▶ **Exercise details**:
Write out only the lines from the start of the entries up to and including the line with "[diagram v1b: board, top"; please skip the pictures.
==== Records shown
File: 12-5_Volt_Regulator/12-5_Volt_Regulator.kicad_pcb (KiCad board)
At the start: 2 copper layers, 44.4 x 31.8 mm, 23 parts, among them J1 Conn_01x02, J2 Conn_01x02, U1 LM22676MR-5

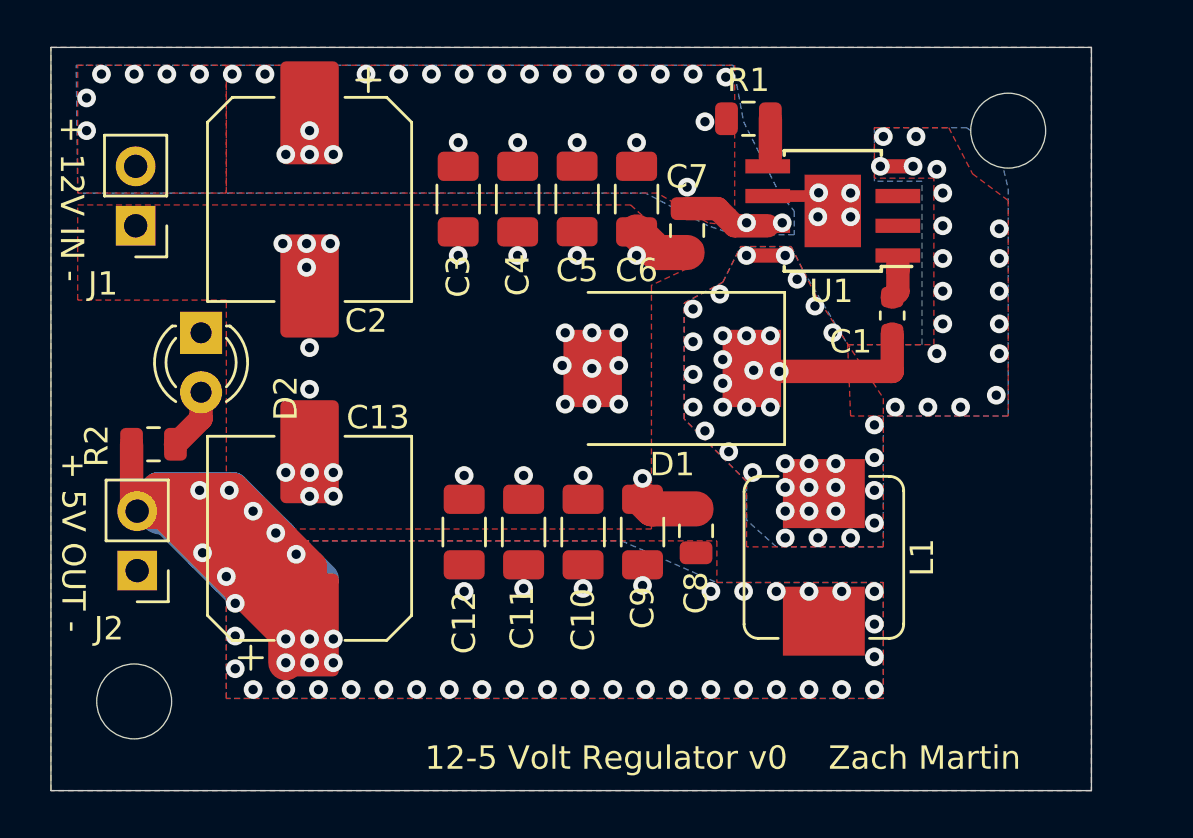
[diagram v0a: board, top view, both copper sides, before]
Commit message: Added wire pads, removed vias & fills as I switched grid spacing
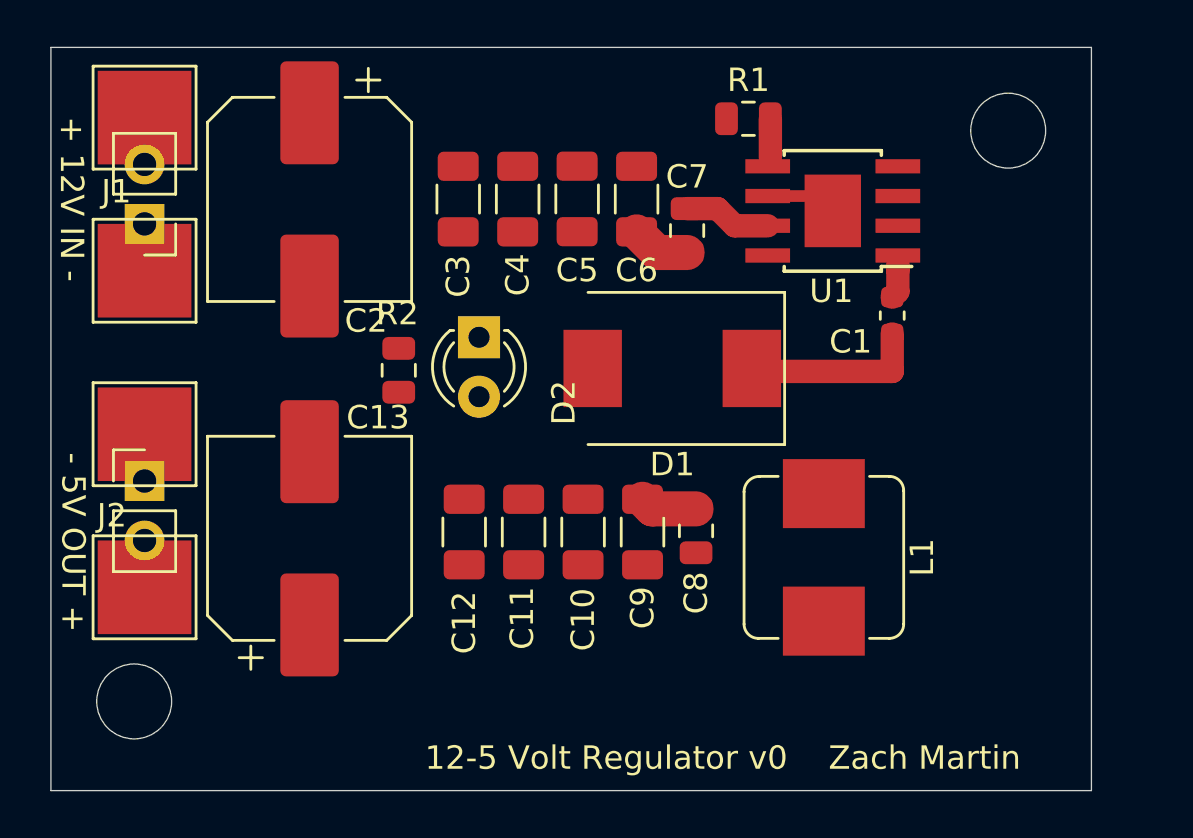
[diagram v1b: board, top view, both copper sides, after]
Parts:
- added REF**: TestPoint_Pad_4.0x4.0mm, TestPoint:TestPoint_Pad_4.0x4.0mm, F.Cu at (120.5, 112.5)
- added REF**: TestPoint_Pad_4.0x4.0mm, TestPoint:TestPoint_Pad_4.0x4.0mm, F.Cu at (120.5, 105.9)
- added REF**: TestPoint_Pad_4.0x4.0mm, TestPoint:TestPoint_Pad_4.0x4.0mm, F.Cu at (120.5, 98.9)
- added REF**: TestPoint_Pad_4.0x4.0mm, TestPoint:TestPoint_Pad_4.0x4.0mm, F.Cu at (120.5, 92.4)
- moved D2 11.9 mm to (134.7, 101.8)
- moved R2 10.9 mm to (131.3, 103.2), turned to 270 degrees
- moved J2 3.84 mm to (120.5, 107.9), turned to 0 degrees
- moved J1 0.39 mm to (120.5, 96.9)
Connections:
- D2 pad 1: GND -> Net-(D2-Pad1)
- D2 pad 2: Net-(D2-Pad2) -> /5v
- R2 pad 1: /5v -> Net-(D2-Pad1)
- R2 pad 2: Net-(D2-Pad2) -> GND
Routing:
- net /5v: track 60.1 -> 0.00 mm, vias 48 -> 0
- net Net-(D2-Pad2): track 2.81 -> 0.00 mm
- net GND: vias 32 -> 0
- net /V_SW: vias 59 -> 0
- net /12v: vias 32 -> 0
- removed copper zone on B.Cu, net /12v
- removed copper zone on F.Cu, net /12v
- removed copper zone on B.Cu, net /5v
- removed copper zone on F.Cu, net /5v
- removed copper zone on B.Cu, net /V_SW
- removed copper zone on F.Cu, net /V_SW
- removed copper zone on B.Cu, net GND
- removed copper zone on F.Cu, net GND
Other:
- board text added: "- 5V OUT +"
- board text removed: "+ 5V OUT -"

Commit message: Re-routed zone boundaries
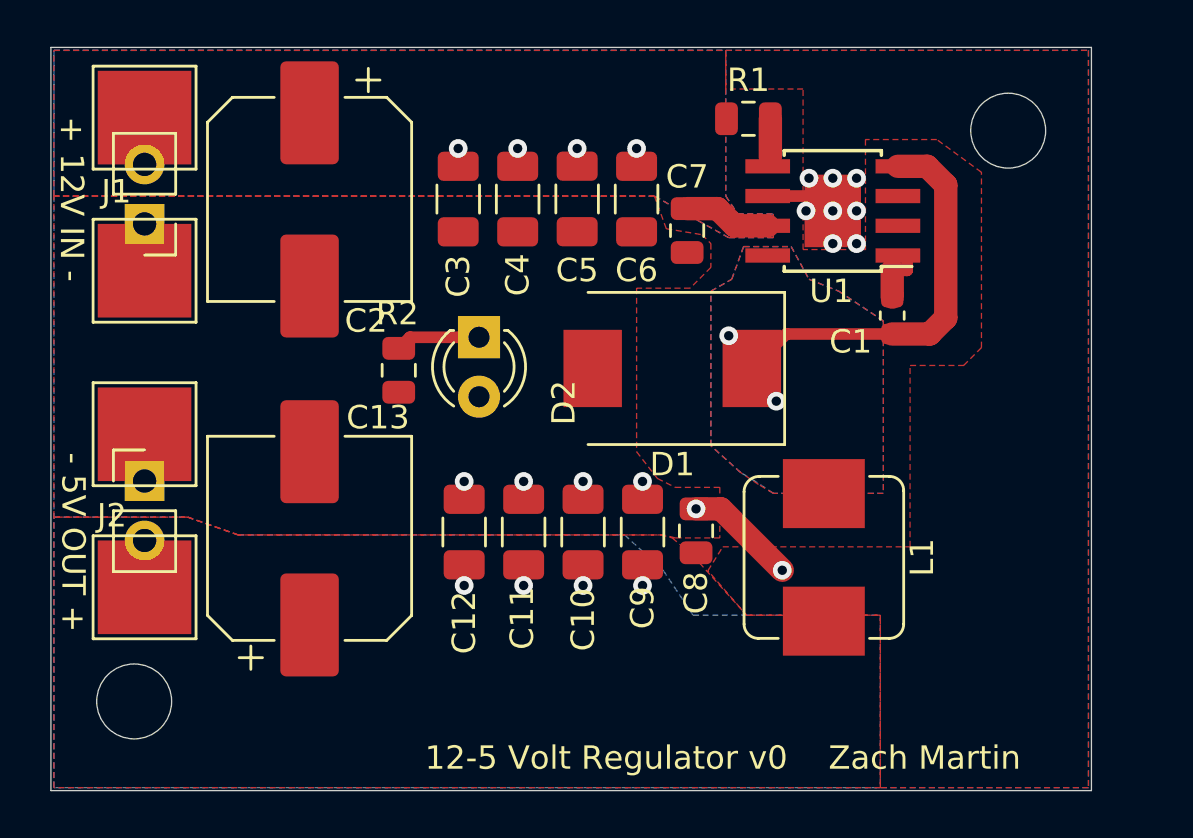
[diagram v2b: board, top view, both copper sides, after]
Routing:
- net /V_SW: track 8.01 -> 17.6 mm, vias 0 -> 2
- net Net-(D2-Pad1): track 0.00 -> 3.63 mm
- net Net-(C1-Pad2): track 2.12 -> 2.89 mm
- net GND: track 7.22 -> 7.00 mm, vias 0 -> 14
- net /5v: vias 0 -> 4
- net /12v: vias 0 -> 4
- added copper zone on B.Cu, net /12v
- added copper zone on F.Cu, net /12v
- added copper zone on B.Cu, net /5v
- added copper zone on F.Cu, net /5v
- added copper zone on B.Cu, net /V_SW
- added copper zone on F.Cu, net /V_SW
- added copper zone on B.Cu, net GND
- added copper zone on F.Cu, net GND

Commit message: Updated vias, traces, fills, JLCPCB part # location. Ready for ordering
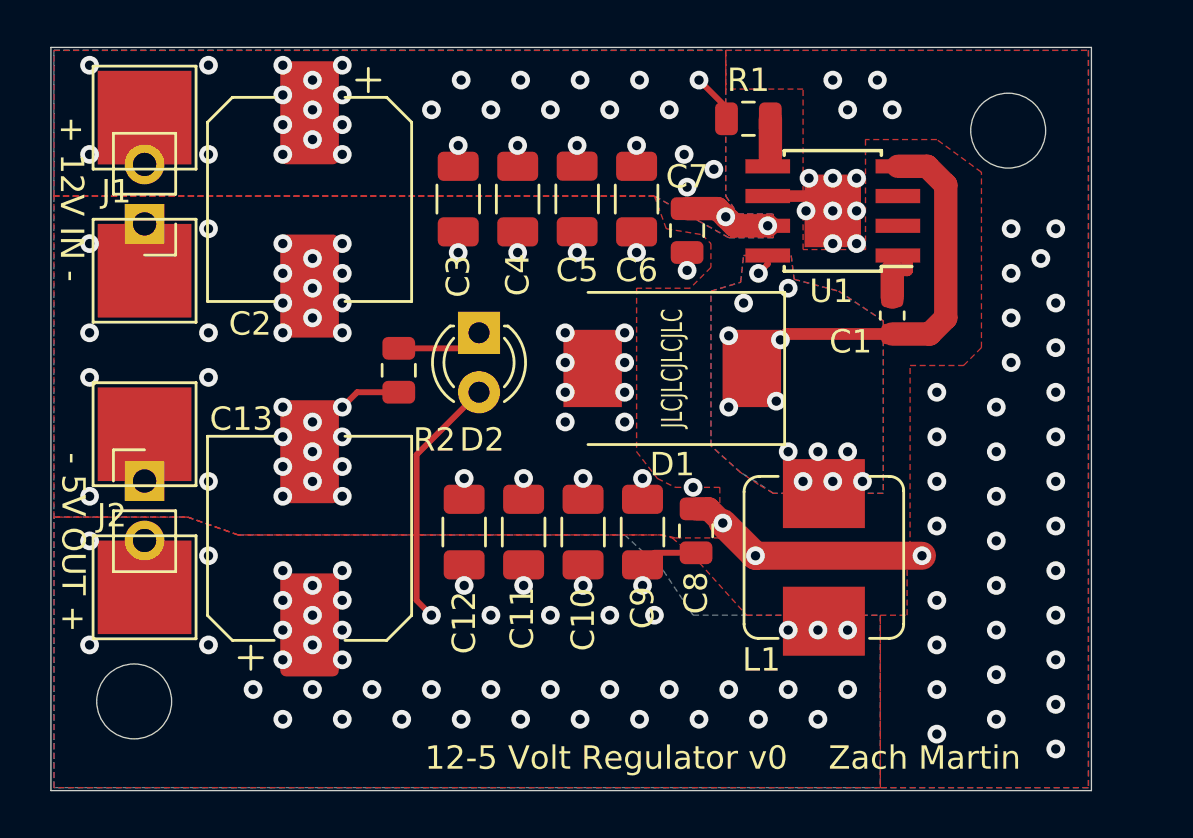
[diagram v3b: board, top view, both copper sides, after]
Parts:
- moved D2 0.19 mm to (134.7, 101.6)
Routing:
- net /5v: track 0.00 -> 13.4 mm, vias 4 -> 48
- net GND: track 7.00 -> 15.4 mm, vias 14 -> 96
- net /12v: track 3.75 -> 5.88 mm, vias 4 -> 34
- net /V_SW: track 17.6 -> 18.5 mm, vias 2 -> 13
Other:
- board text added: "JLCJLCJLCJLC"
========
▶ **Completed exercise**:
File: 12-5_Volt_Regulator/12-5_Volt_Regulator.kicad_pcb (KiCad board)
At the start: 2 copper layers, 44.4 x 31.8 mm, 23 parts, among them J1 Conn_01x02, J2 Conn_01x02, U1 LM22676MR-5

[diagram v0a: board, top view, both copper sides, before]
Commit message: Added wire pads, removed vias & fills as I switched grid spacing
[diagram v1b: board, top view, both copper sides, after]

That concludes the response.